The Two Treatises are perhaps best known for their theories of property and revolution. Government, according to Locke, is a human contrivance made necessary by the growing complexities of the state of nature and especially by the increasing insecurity of personal property. Locke had two conceptions of "property." In the state of nature (through chapter V of the Second Treatise), "property" meant land and goods, including money; in civil society, however, it almost always meant "life, liberty, and estate," which was the more widely accepted meaning in seventeenth-century England. Locke's initial reliance upon the former definition—and the subsequent importance of the Two Treatises—undoubtedly played a large role in popularizing that narrower understanding among modern English speakers, but his shift back to the more conventional and broader meaning was the source of some ambiguities in his political theory.

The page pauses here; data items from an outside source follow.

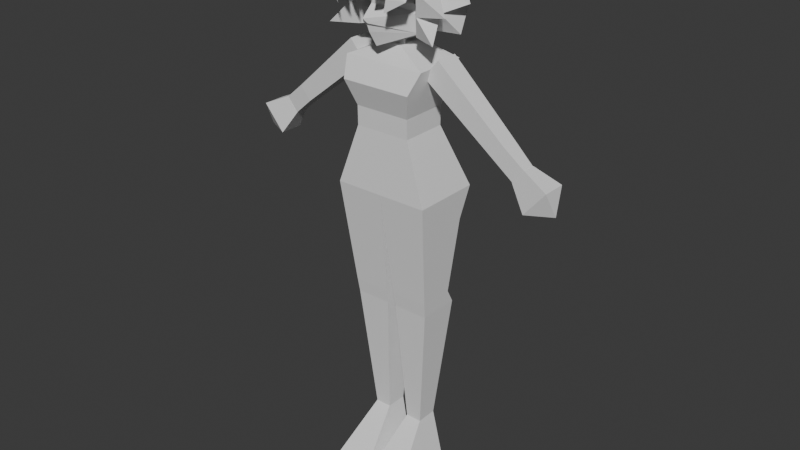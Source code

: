 # Source: web3d_model_2.blend  (saved by Blender 4.1.24; exported with 4.5.12 LTS)
import bpy
from mathutils import Matrix  # noqa: F401  (used for matrix-valued properties, if any)

bpy.ops.wm.read_factory_settings(use_empty=True)
scene = bpy.context.scene
scene.name = 'Scene'

# ---- collections
col_collection = bpy.data.collections.new('Collection'); scene.collection.children.link(col_collection)

# ---- world
world_world = bpy.data.worlds.new('World'); scene.world = world_world
world_world.use_nodes = True; world_world.node_tree.nodes.clear()
_N = world_world.node_tree.nodes; _L = world_world.node_tree.links
n0 = _N.new('ShaderNodeOutputWorld'); n0.name = 'World Output'; n0.location = (300, 300)
n1 = _N.new('ShaderNodeBackground'); n1.name = 'Background'; n1.location = (10, 300)
n1.inputs[0].default_value = (0.05088, 0.05088, 0.05088, 1.0)
_L.new(n1.outputs[0], n0.inputs[0])
n0.is_active_output = True
world_world.color = (0.05088, 0.05088, 0.05088)
world_world.use_sun_shadow = False
world_world.sun_shadow_jitter_overblur = 0.0

# ---- meshes
me_cube_001 = bpy.data.meshes.new('Cube.001')
me_cube_001.from_pydata([(-2.1, -2.935, 0.006212), (-2.1, -2.935, 0.585), (-2.1, 0.5434, 0.006212), (-2.1, 0.5434, 0.585), (-0.09954, -2.935, 0.006212), (-0.09954, -2.935, 0.585), (-0.09954, 0.5434, 0.006212), (-0.09954, 0.5434, 0.585), (-1.446, -0.4918, 2.983), (-1.446, 0.6161, 2.983), (-0.5953, -0.4918, 2.983), (-0.5953, 0.6161, 2.983), (-2.512, -1.809, 15.96), (-2.512, 1.779, 15.96), (-0.0001043, -1.809, 15.96), (-0.0001043, 1.779, 15.96), (-2.088, 1.172, 9.72), (-0.237, 1.172, 9.72), (-0.237, -0.9967, 9.72), (-2.088, -0.9967, 9.72), (-2.139, 0.7255, 10.48), (-2.139, -1.109, 10.48), (-0.208, 0.7255, 10.48), (-0.208, -1.109, 10.48), (-2.403, 1.199, 14.36), (-2.403, -1.604, 14.36), (-0.0608, 1.199, 14.36), (-0.0608, -1.604, 14.36), (-2.512, -1.809, 15.96), (-2.512, 1.779, 15.96), (-0.0001043, -1.809, 15.96), (-0.0001043, 1.779, 15.96), (-1.451, -1.619, 19.04), (-1.451, 0.7846, 19.04), (-0.0001043, 0.7846, 19.04), (-0.0001043, -1.619, 19.04), (-1.451, -1.631, 20.02), (-1.451, 0.8201, 20.02), (-0.0001043, 0.8201, 20.02), (-0.0001043, -1.631, 20.02), (-2.133, -1.524, 22.3), (-2.133, 1.211, 22.3), (-0.0001043, 1.211, 22.3), (-0.0001043, -1.524, 22.3), (-0.527, -0.9321, 23.04), (-0.527, 0.4766, 23.04), (-0.0001043, 0.4766, 23.04), (-0.0001043, -0.9321, 23.04), (-1.838, 1.042, 21.31), (-0.0001043, 1.042, 21.31), (-0.0001043, -2.092, 21.31), (-1.838, -2.092, 21.31), (-0.1344, 0.9622, 12.42), (-0.1344, -1.356, 12.42), (-2.271, 0.9622, 12.42), (-2.271, -1.356, 12.42), (-0.4162, 0.8942, 6.352), (-0.4162, -0.7442, 6.352), (-1.767, 0.8942, 6.352), (-1.767, -0.7442, 6.352), (-1.927, 1.033, 8.036), (-1.927, -0.8705, 8.036), (-0.3266, 1.033, 8.036), (-0.3266, -0.8705, 8.036), (-0.5057, 0.7552, 4.667), (-0.5057, -0.618, 4.667), (-1.606, 0.7552, 4.667), (-1.606, -0.618, 4.667), (-0.0001043, 1.282, 17.5), (-0.0001043, -1.714, 17.5), (-1.981, -1.714, 17.5), (-1.981, 1.282, 17.5)], [], [(0, 1, 3, 2), (2, 3, 7, 6), (6, 7, 5, 4), (4, 5, 1, 0), (2, 6, 4, 0), (3, 1, 8, 9), (26, 24, 13, 15), (1, 5, 10, 8), (7, 3, 9, 11), (5, 7, 11, 10), (14, 15, 31, 30), (27, 26, 15, 14), (24, 25, 12, 13), (25, 27, 14, 12), (61, 63, 18, 19), (60, 61, 19, 16), (63, 62, 17, 18), (62, 60, 16, 17), (19, 18, 23, 21), (16, 19, 21, 20), (18, 17, 22, 23), (17, 16, 20, 22), (55, 53, 27, 25), (54, 55, 25, 24), (53, 52, 26, 27), (52, 54, 24, 26), (69, 68, 34, 35), (13, 12, 28, 29), (12, 14, 30, 28), (15, 13, 29, 31), (32, 35, 39, 36), (71, 70, 32, 33), (70, 69, 35, 32), (68, 71, 33, 34), (49, 48, 41, 42), (34, 33, 37, 38), (35, 34, 38, 39), (33, 32, 36, 37), (43, 42, 46, 47), (50, 49, 42, 43), (48, 51, 40, 41), (51, 50, 43, 40), (46, 45, 44, 47), (41, 40, 44, 45), (40, 43, 47, 44), (42, 41, 45, 46), (36, 39, 50, 51), (37, 36, 51, 48), (39, 38, 49, 50), (38, 37, 48, 49), (22, 20, 54, 52), (23, 22, 52, 53), (20, 21, 55, 54), (21, 23, 53, 55), (64, 66, 58, 56), (65, 64, 56, 57), (66, 67, 59, 58), (67, 65, 57, 59), (56, 58, 60, 62), (57, 56, 62, 63), (58, 59, 61, 60), (59, 57, 63, 61), (8, 10, 65, 67), (9, 8, 67, 66), (10, 11, 64, 65), (11, 9, 66, 64), (31, 29, 71, 68), (28, 30, 69, 70), (29, 28, 70, 71), (30, 31, 68, 69)])
_uv = me_cube_001.uv_layers.new(name='UVMap')
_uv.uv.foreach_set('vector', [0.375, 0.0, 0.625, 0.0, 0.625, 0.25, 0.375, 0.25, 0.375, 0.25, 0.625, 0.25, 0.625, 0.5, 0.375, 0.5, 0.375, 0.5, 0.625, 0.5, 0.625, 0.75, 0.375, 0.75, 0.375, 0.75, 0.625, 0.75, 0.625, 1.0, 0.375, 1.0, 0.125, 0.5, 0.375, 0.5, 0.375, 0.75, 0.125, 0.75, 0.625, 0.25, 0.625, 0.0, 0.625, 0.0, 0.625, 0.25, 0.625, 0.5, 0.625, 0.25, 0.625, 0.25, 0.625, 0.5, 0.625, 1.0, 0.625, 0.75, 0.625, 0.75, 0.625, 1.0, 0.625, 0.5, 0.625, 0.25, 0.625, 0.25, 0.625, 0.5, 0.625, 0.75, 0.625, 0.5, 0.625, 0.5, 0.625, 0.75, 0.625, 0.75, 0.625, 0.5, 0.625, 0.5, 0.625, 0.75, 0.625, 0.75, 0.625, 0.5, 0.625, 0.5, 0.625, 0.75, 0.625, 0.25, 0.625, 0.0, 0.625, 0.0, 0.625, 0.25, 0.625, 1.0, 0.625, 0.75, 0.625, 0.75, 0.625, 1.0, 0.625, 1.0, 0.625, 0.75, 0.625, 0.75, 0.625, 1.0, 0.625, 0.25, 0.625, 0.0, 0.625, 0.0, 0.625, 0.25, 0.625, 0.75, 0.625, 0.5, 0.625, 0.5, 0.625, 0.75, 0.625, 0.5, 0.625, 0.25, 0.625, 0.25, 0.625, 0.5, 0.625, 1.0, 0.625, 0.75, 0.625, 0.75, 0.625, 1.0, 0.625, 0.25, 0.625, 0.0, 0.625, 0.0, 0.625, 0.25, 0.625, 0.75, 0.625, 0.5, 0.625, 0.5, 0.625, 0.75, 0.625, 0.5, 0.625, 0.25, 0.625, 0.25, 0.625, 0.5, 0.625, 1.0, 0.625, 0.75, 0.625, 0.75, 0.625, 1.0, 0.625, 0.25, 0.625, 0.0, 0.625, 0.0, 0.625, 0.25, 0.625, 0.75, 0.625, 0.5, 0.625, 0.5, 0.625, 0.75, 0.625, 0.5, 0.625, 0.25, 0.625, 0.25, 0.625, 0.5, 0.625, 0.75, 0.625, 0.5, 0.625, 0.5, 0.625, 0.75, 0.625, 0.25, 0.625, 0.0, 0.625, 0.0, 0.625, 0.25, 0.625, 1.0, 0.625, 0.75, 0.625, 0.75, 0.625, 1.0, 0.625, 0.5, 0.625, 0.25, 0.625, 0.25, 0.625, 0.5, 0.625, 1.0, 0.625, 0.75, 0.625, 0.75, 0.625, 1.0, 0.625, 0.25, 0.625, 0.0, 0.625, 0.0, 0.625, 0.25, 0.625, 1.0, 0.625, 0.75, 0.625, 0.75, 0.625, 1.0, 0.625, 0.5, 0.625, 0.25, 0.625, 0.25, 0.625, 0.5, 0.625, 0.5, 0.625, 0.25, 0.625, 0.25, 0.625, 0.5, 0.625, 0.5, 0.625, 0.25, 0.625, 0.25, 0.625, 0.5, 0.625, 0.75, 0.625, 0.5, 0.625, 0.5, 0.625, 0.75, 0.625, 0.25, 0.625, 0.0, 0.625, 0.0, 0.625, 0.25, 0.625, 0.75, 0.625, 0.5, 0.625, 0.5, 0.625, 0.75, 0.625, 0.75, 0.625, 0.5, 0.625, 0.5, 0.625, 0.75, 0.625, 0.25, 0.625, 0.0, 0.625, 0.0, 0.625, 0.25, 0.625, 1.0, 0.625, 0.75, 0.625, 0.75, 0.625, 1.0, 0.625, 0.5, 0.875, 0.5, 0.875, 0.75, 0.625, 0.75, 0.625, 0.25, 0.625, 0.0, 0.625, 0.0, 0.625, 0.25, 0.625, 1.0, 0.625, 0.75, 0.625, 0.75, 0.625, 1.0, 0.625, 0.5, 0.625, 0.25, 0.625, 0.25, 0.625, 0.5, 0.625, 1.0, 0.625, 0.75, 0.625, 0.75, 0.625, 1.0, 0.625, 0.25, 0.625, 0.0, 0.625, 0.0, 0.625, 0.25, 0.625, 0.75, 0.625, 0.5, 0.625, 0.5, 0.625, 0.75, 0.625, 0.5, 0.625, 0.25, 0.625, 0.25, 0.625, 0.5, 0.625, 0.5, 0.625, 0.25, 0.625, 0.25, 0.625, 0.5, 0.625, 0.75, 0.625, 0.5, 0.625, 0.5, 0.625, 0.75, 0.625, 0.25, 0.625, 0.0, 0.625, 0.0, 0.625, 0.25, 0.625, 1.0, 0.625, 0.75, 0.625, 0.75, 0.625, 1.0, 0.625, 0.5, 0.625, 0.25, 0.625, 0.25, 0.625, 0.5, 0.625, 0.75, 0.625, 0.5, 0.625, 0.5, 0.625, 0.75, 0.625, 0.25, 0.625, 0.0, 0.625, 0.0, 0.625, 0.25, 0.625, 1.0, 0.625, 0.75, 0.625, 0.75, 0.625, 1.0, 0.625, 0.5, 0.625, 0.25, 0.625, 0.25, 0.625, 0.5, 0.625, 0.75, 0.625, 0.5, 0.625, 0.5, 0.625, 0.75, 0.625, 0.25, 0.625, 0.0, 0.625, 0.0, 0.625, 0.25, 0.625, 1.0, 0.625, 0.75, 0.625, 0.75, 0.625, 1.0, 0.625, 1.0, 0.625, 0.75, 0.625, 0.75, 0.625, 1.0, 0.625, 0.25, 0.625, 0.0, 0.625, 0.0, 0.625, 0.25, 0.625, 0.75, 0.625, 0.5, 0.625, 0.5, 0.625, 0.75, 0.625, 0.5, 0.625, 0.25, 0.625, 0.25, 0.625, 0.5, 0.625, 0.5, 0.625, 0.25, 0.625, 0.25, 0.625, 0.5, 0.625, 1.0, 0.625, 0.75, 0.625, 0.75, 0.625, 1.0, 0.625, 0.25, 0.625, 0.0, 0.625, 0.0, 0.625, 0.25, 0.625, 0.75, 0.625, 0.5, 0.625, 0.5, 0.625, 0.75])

The purpose of government according to Locke is to protect property, and it is in return for that protection that people agree to transfer to the government their individual rights to interpret and enforce the law of nature. When the government no longer provides that protection, or if it becomes an enemy to property, the duty to obey is superseded by a right of revolution, whereby the power and authority conveyed to the government revert to the people (or their representatives) who may then establish a new government.
The Letter concerning Toleration is a specific application of the principles of the Two Treatises. What was innovative and radical about the Letter was the argument that religious imposition went so far beyond the legitimate competence of the magistrate as to be a ground for resistance. Locke drew a firm distinction between the secular ends of magistracy and the religious ends of churches. In doing so, he made a bolder move toward genuine religious liberty than had any of his contemporaries. But Locke excluded Roman Catholics from this toleration, alleging, like many of his contemporaries, that they owed their primary political loyalty to the pope rather than to civil rulers. He was confident, however, that Protestant Christians could live at peace within one civil society despite their diverse religious beliefs.
Locke spent the rest of life in public service and writing. He was a member of the Board of Trade and published revisions of the Essay, replies to criticisms of the Letter concerning Toleration, and tracts on education, religion, and money, some of which were published after his death. Locke died on 28 October 1704 at Oates, Essex, at the home of Sir Francis and Lady Masham (the daughter of the
Cambridge Platonist Ralph Cudworth), where he had been living since 1691. He is buried in High Laver Church in Essex. Much of his massive collection of personal manuscripts—including journals, diaries, letters he received, and copies of those he sent—and a substantial part of his library have survived and are now in the Bodleian Library at Oxford.